◆ PROMPT ◆
In the copy, include no pictures, but reproduce every record exactly.

[Stored items]

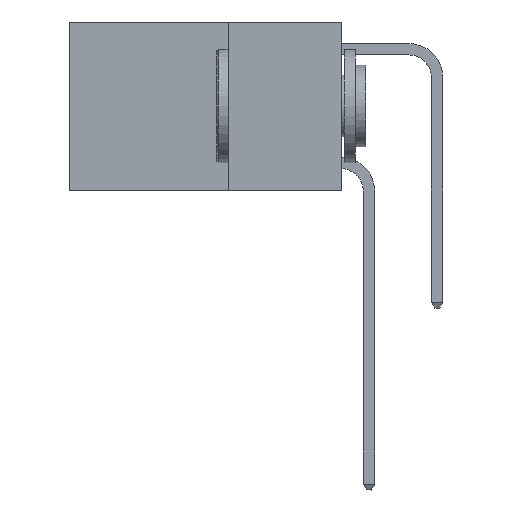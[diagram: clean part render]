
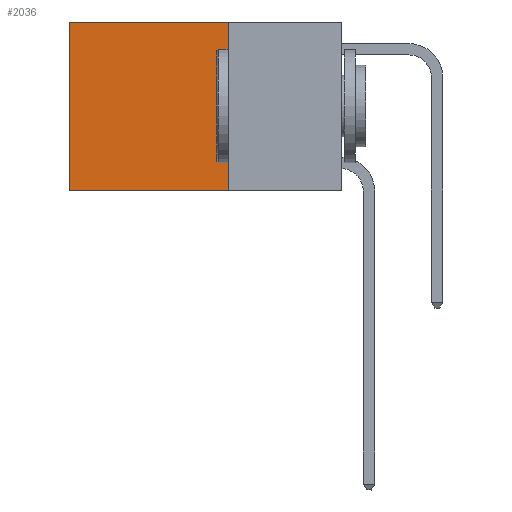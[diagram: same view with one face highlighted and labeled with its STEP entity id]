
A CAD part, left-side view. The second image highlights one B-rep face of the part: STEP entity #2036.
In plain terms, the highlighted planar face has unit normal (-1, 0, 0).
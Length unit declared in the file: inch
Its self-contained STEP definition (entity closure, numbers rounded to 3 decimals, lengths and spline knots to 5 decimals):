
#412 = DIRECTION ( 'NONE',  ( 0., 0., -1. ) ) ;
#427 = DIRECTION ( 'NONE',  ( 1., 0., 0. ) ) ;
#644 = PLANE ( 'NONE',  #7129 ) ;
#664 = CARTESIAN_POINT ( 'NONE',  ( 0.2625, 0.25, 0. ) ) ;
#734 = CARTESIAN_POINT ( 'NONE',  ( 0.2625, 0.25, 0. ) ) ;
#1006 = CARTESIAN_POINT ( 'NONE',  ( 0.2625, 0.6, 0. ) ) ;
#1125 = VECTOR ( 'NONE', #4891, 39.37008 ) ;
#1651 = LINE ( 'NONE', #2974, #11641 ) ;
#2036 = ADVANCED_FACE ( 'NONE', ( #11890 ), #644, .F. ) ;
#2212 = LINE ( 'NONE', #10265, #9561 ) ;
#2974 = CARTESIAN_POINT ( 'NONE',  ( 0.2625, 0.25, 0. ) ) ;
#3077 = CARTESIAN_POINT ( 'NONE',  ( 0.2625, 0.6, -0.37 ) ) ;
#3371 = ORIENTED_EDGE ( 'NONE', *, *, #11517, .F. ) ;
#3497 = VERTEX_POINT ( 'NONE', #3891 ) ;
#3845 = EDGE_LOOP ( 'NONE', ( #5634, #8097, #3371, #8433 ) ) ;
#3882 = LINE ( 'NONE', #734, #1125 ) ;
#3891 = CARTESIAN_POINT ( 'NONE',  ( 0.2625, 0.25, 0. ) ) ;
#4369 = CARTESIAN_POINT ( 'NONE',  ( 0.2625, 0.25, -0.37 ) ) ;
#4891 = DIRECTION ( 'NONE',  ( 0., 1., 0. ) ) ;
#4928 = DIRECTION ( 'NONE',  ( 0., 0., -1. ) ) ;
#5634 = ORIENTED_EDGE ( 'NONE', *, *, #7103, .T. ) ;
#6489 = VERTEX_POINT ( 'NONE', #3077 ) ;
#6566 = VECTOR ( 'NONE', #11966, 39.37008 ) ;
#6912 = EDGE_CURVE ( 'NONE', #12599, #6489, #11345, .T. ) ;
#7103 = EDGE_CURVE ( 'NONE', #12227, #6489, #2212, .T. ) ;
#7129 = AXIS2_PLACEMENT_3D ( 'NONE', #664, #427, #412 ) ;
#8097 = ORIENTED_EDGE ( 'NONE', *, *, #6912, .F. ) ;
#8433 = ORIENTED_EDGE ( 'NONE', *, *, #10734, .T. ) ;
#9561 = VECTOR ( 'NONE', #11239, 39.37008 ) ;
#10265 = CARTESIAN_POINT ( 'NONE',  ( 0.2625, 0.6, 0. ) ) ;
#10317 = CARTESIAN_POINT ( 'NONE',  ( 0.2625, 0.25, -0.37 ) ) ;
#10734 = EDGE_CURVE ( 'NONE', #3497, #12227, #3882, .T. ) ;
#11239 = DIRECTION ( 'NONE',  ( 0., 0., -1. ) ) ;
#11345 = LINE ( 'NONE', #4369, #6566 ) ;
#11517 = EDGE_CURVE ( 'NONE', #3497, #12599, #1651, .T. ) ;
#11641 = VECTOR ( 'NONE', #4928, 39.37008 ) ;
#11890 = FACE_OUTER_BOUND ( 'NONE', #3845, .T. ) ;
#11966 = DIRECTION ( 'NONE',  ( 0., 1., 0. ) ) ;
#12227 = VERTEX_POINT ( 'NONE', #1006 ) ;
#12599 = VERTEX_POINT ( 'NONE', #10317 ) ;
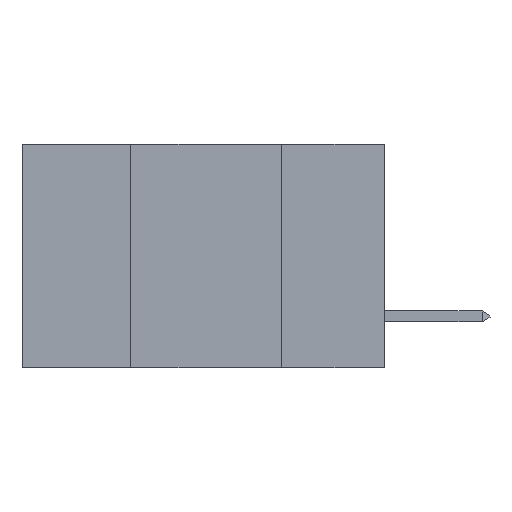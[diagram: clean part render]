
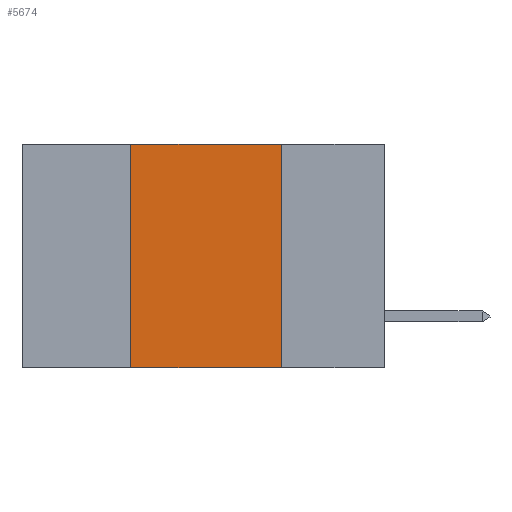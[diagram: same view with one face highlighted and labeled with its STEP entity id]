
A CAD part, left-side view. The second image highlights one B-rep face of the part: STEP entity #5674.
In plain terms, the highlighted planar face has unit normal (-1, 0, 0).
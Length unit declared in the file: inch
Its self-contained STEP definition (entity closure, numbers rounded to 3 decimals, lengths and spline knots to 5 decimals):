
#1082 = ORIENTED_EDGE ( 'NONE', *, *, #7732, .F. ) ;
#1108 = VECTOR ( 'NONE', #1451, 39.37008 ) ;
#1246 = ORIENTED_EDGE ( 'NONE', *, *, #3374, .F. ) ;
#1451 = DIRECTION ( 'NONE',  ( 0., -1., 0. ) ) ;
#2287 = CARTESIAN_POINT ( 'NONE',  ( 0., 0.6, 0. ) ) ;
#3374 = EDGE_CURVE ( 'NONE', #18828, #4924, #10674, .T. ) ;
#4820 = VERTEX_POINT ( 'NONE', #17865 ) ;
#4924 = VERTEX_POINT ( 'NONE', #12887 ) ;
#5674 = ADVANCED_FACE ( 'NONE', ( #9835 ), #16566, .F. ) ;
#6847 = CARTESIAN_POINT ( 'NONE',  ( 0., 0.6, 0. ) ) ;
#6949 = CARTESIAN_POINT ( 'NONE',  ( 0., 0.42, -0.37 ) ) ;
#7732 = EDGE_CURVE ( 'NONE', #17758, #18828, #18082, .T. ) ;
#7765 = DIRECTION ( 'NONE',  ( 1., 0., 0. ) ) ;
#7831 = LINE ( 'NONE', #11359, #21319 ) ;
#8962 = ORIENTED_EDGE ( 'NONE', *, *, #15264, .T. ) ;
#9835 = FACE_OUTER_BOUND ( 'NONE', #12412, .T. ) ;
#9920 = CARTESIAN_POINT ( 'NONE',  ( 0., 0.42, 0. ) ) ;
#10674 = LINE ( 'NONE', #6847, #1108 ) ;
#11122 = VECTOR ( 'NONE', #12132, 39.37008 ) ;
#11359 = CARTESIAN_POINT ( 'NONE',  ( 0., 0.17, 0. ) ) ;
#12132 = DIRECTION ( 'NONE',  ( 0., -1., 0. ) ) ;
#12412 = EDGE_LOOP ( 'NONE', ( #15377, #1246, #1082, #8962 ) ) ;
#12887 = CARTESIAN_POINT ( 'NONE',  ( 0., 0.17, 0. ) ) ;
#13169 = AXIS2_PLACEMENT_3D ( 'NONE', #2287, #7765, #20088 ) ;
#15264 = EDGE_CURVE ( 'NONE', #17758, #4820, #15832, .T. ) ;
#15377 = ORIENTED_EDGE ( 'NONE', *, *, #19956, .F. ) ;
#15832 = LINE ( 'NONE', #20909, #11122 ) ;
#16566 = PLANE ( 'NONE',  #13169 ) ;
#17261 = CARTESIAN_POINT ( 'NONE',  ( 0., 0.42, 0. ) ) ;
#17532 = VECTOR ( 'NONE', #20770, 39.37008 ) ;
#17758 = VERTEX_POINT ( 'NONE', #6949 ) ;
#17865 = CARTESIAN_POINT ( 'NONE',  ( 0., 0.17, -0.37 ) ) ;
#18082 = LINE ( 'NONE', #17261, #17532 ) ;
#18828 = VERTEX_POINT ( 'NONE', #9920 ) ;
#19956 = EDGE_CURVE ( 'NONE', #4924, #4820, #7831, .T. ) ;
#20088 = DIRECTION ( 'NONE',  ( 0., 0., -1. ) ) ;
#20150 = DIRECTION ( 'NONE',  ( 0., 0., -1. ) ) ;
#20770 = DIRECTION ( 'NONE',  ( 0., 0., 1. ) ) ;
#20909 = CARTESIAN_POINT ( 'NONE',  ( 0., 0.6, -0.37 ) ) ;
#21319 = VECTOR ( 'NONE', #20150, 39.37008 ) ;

◆ SOLUTION FOR THIS PROBLEM ◆
[diagram: clean part render]
[diagram: same view with one face highlighted and labeled with its STEP entity id]
A CAD part, left-side view. The second image highlights one B-rep face of the part: STEP entity #2036.
In plain terms, the highlighted planar face has unit normal (-1, 0, 0).
Length unit declared in the file: inch
Its self-contained STEP definition (entity closure, numbers rounded to 3 decimals, lengths and spline knots to 5 decimals):
#412 = DIRECTION ( 'NONE',  ( 0., 0., -1. ) ) ;
#427 = DIRECTION ( 'NONE',  ( 1., 0., 0. ) ) ;
#644 = PLANE ( 'NONE',  #7129 ) ;
#664 = CARTESIAN_POINT ( 'NONE',  ( 0.2625, 0.25, 0. ) ) ;
#734 = CARTESIAN_POINT ( 'NONE',  ( 0.2625, 0.25, 0. ) ) ;
#1006 = CARTESIAN_POINT ( 'NONE',  ( 0.2625, 0.6, 0. ) ) ;
#1125 = VECTOR ( 'NONE', #4891, 39.37008 ) ;
#1651 = LINE ( 'NONE', #2974, #11641 ) ;
#2036 = ADVANCED_FACE ( 'NONE', ( #11890 ), #644, .F. ) ;
#2212 = LINE ( 'NONE', #10265, #9561 ) ;
#2974 = CARTESIAN_POINT ( 'NONE',  ( 0.2625, 0.25, 0. ) ) ;
#3077 = CARTESIAN_POINT ( 'NONE',  ( 0.2625, 0.6, -0.37 ) ) ;
#3371 = ORIENTED_EDGE ( 'NONE', *, *, #11517, .F. ) ;
#3497 = VERTEX_POINT ( 'NONE', #3891 ) ;
#3845 = EDGE_LOOP ( 'NONE', ( #5634, #8097, #3371, #8433 ) ) ;
#3882 = LINE ( 'NONE', #734, #1125 ) ;
#3891 = CARTESIAN_POINT ( 'NONE',  ( 0.2625, 0.25, 0. ) ) ;
#4369 = CARTESIAN_POINT ( 'NONE',  ( 0.2625, 0.25, -0.37 ) ) ;
#4891 = DIRECTION ( 'NONE',  ( 0., 1., 0. ) ) ;
#4928 = DIRECTION ( 'NONE',  ( 0., 0., -1. ) ) ;
#5634 = ORIENTED_EDGE ( 'NONE', *, *, #7103, .T. ) ;
#6489 = VERTEX_POINT ( 'NONE', #3077 ) ;
#6566 = VECTOR ( 'NONE', #11966, 39.37008 ) ;
#6912 = EDGE_CURVE ( 'NONE', #12599, #6489, #11345, .T. ) ;
#7103 = EDGE_CURVE ( 'NONE', #12227, #6489, #2212, .T. ) ;
#7129 = AXIS2_PLACEMENT_3D ( 'NONE', #664, #427, #412 ) ;
#8097 = ORIENTED_EDGE ( 'NONE', *, *, #6912, .F. ) ;
#8433 = ORIENTED_EDGE ( 'NONE', *, *, #10734, .T. ) ;
#9561 = VECTOR ( 'NONE', #11239, 39.37008 ) ;
#10265 = CARTESIAN_POINT ( 'NONE',  ( 0.2625, 0.6, 0. ) ) ;
#10317 = CARTESIAN_POINT ( 'NONE',  ( 0.2625, 0.25, -0.37 ) ) ;
#10734 = EDGE_CURVE ( 'NONE', #3497, #12227, #3882, .T. ) ;
#11239 = DIRECTION ( 'NONE',  ( 0., 0., -1. ) ) ;
#11345 = LINE ( 'NONE', #4369, #6566 ) ;
#11517 = EDGE_CURVE ( 'NONE', #3497, #12599, #1651, .T. ) ;
#11641 = VECTOR ( 'NONE', #4928, 39.37008 ) ;
#11890 = FACE_OUTER_BOUND ( 'NONE', #3845, .T. ) ;
#11966 = DIRECTION ( 'NONE',  ( 0., 1., 0. ) ) ;
#12227 = VERTEX_POINT ( 'NONE', #1006 ) ;
#12599 = VERTEX_POINT ( 'NONE', #10317 ) ;
[diagram: clean part render]
[diagram: same view with one face highlighted and labeled with its STEP entity id]
A CAD part, left-side view. The second image highlights one B-rep face of the part: STEP entity #5674.
In plain terms, the highlighted planar face has unit normal (-1, 0, 0).
Length unit declared in the file: inch
Its self-contained STEP definition (entity closure, numbers rounded to 3 decimals, lengths and spline knots to 5 decimals):
#1082 = ORIENTED_EDGE ( 'NONE', *, *, #7732, .F. ) ;
#1108 = VECTOR ( 'NONE', #1451, 39.37008 ) ;
#1246 = ORIENTED_EDGE ( 'NONE', *, *, #3374, .F. ) ;
#1451 = DIRECTION ( 'NONE',  ( 0., -1., 0. ) ) ;
#2287 = CARTESIAN_POINT ( 'NONE',  ( 0., 0.6, 0. ) ) ;
#3374 = EDGE_CURVE ( 'NONE', #18828, #4924, #10674, .T. ) ;
#4820 = VERTEX_POINT ( 'NONE', #17865 ) ;
#4924 = VERTEX_POINT ( 'NONE', #12887 ) ;
#5674 = ADVANCED_FACE ( 'NONE', ( #9835 ), #16566, .F. ) ;
#6847 = CARTESIAN_POINT ( 'NONE',  ( 0., 0.6, 0. ) ) ;
#6949 = CARTESIAN_POINT ( 'NONE',  ( 0., 0.42, -0.37 ) ) ;
#7732 = EDGE_CURVE ( 'NONE', #17758, #18828, #18082, .T. ) ;
#7765 = DIRECTION ( 'NONE',  ( 1., 0., 0. ) ) ;
#7831 = LINE ( 'NONE', #11359, #21319 ) ;
#8962 = ORIENTED_EDGE ( 'NONE', *, *, #15264, .T. ) ;
#9835 = FACE_OUTER_BOUND ( 'NONE', #12412, .T. ) ;
#9920 = CARTESIAN_POINT ( 'NONE',  ( 0., 0.42, 0. ) ) ;
#10674 = LINE ( 'NONE', #6847, #1108 ) ;
#11122 = VECTOR ( 'NONE', #12132, 39.37008 ) ;
#11359 = CARTESIAN_POINT ( 'NONE',  ( 0., 0.17, 0. ) ) ;
#12132 = DIRECTION ( 'NONE',  ( 0., -1., 0. ) ) ;
#12412 = EDGE_LOOP ( 'NONE', ( #15377, #1246, #1082, #8962 ) ) ;
#12887 = CARTESIAN_POINT ( 'NONE',  ( 0., 0.17, 0. ) ) ;
#13169 = AXIS2_PLACEMENT_3D ( 'NONE', #2287, #7765, #20088 ) ;
#15264 = EDGE_CURVE ( 'NONE', #17758, #4820, #15832, .T. ) ;
#15377 = ORIENTED_EDGE ( 'NONE', *, *, #19956, .F. ) ;
#15832 = LINE ( 'NONE', #20909, #11122 ) ;
#16566 = PLANE ( 'NONE',  #13169 ) ;
#17261 = CARTESIAN_POINT ( 'NONE',  ( 0., 0.42, 0. ) ) ;
#17532 = VECTOR ( 'NONE', #20770, 39.37008 ) ;
#17758 = VERTEX_POINT ( 'NONE', #6949 ) ;
#17865 = CARTESIAN_POINT ( 'NONE',  ( 0., 0.17, -0.37 ) ) ;
#18082 = LINE ( 'NONE', #17261, #17532 ) ;
#18828 = VERTEX_POINT ( 'NONE', #9920 ) ;
#19956 = EDGE_CURVE ( 'NONE', #4924, #4820, #7831, .T. ) ;
#20088 = DIRECTION ( 'NONE',  ( 0., 0., -1. ) ) ;
#20150 = DIRECTION ( 'NONE',  ( 0., 0., -1. ) ) ;
#20770 = DIRECTION ( 'NONE',  ( 0., 0., 1. ) ) ;
#20909 = CARTESIAN_POINT ( 'NONE',  ( 0., 0.6, -0.37 ) ) ;
#21319 = VECTOR ( 'NONE', #20150, 39.37008 ) ;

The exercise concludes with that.